## Exercise details
The answer must consist of each line below that holds the word "CIRCLE", copied as it stands.

"""

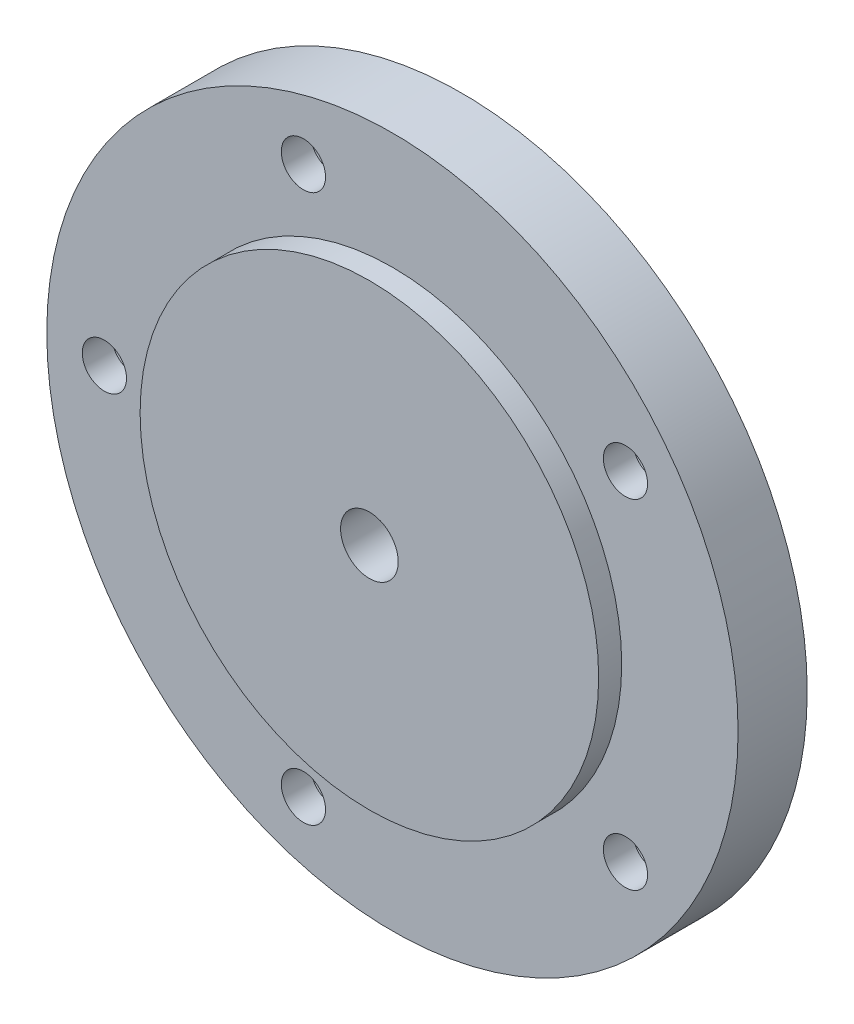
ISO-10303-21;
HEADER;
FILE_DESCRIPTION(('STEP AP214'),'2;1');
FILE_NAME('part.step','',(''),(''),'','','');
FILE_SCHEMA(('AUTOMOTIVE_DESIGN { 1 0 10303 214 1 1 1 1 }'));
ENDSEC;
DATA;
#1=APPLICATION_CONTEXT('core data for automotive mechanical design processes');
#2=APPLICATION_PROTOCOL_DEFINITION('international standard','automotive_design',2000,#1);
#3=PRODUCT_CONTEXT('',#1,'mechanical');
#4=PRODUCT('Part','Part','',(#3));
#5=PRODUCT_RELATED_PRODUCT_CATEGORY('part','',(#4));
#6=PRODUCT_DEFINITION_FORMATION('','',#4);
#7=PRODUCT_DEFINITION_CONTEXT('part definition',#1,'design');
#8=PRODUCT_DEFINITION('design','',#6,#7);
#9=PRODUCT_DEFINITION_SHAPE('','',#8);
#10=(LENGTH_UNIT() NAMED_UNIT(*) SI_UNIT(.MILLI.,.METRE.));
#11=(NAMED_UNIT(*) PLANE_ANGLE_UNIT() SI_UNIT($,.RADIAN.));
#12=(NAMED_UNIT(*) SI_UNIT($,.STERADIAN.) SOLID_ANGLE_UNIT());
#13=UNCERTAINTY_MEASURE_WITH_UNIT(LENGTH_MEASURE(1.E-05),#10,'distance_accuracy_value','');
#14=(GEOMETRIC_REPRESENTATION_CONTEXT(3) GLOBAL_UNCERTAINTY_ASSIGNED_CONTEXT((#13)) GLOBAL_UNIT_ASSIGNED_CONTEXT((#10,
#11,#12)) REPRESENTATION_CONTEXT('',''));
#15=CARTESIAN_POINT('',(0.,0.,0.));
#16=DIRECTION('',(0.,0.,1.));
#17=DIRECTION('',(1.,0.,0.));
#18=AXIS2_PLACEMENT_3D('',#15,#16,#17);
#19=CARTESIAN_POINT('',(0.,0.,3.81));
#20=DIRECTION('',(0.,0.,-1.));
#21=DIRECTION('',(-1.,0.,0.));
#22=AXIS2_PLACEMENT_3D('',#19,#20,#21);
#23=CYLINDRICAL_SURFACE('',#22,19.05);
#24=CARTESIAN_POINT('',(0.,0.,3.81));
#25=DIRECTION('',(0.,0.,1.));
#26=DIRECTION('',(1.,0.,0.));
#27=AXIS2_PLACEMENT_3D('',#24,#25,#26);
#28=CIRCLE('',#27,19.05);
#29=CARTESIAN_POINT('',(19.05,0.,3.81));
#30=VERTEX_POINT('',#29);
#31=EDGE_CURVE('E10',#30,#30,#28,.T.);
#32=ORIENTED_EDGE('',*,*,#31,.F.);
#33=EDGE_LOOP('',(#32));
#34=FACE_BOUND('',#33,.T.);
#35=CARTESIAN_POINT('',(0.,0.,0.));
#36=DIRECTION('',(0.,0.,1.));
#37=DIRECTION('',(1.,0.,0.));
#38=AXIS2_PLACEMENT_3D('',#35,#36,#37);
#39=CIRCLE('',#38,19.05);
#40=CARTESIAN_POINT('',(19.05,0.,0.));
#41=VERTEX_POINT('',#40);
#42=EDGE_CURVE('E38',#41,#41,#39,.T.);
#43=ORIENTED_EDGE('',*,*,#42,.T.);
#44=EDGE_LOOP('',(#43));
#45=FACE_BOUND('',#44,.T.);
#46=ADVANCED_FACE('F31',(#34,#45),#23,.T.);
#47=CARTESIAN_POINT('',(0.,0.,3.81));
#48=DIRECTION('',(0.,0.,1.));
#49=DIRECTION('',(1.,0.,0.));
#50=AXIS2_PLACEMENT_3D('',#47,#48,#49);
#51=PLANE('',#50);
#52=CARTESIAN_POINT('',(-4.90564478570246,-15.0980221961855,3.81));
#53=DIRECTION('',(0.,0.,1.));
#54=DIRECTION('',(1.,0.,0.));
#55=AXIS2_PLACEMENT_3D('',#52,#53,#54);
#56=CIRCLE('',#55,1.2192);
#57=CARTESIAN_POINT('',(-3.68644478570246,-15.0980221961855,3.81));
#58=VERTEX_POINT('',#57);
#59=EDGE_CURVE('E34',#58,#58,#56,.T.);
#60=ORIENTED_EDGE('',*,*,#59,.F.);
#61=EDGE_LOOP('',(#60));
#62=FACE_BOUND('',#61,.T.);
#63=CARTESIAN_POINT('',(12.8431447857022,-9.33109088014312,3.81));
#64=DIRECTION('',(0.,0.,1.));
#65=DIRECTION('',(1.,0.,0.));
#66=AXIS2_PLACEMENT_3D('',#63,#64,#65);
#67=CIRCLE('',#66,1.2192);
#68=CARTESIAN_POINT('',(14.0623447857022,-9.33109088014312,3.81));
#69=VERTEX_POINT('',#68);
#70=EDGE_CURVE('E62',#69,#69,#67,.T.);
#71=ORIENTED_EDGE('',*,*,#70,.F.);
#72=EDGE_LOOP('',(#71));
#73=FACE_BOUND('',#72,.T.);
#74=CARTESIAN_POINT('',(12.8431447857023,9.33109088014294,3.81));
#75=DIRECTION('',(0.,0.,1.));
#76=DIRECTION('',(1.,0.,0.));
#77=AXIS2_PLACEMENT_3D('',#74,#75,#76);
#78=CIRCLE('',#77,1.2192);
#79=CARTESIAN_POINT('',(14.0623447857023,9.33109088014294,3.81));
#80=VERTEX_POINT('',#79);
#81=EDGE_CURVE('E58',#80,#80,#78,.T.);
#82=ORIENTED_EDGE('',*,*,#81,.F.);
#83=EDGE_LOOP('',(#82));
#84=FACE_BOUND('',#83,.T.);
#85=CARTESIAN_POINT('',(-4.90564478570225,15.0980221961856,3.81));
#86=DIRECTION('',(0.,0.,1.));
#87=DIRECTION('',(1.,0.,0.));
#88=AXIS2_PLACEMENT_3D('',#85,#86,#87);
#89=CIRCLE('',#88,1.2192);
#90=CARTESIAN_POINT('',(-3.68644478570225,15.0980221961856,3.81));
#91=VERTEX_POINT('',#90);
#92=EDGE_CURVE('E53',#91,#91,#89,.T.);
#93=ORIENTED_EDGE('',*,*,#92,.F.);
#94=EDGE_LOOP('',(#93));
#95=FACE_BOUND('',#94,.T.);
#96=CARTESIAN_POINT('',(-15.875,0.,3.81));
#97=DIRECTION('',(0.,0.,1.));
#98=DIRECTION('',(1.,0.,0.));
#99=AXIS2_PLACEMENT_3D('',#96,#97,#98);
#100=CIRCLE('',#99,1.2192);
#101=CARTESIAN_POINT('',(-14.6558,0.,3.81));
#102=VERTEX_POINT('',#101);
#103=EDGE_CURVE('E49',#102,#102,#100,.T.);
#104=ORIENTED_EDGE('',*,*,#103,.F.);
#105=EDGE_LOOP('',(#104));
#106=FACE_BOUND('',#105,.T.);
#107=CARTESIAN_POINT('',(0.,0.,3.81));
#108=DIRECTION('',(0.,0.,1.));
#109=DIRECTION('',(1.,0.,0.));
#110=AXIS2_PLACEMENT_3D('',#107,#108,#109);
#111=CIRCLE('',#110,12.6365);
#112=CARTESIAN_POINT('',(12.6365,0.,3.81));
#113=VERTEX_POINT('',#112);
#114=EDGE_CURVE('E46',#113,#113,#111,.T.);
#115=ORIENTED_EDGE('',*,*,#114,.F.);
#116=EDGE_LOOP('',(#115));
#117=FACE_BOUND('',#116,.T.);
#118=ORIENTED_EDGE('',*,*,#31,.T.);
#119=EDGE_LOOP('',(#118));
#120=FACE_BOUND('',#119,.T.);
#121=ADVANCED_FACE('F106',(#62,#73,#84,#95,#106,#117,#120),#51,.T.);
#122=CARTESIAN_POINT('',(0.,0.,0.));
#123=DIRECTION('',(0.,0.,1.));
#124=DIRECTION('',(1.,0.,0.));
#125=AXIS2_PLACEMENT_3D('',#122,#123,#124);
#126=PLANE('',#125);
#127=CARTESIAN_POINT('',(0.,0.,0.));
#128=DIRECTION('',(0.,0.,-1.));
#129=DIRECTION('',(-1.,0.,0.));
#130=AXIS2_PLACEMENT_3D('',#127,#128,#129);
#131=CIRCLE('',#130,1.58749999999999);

"""

## Response
#28=CIRCLE('',#27,19.05);
#39=CIRCLE('',#38,19.05);
#56=CIRCLE('',#55,1.2192);
#67=CIRCLE('',#66,1.2192);
#78=CIRCLE('',#77,1.2192);
#89=CIRCLE('',#88,1.2192);
#100=CIRCLE('',#99,1.2192);
#111=CIRCLE('',#110,12.6365);
#131=CIRCLE('',#130,1.58749999999999);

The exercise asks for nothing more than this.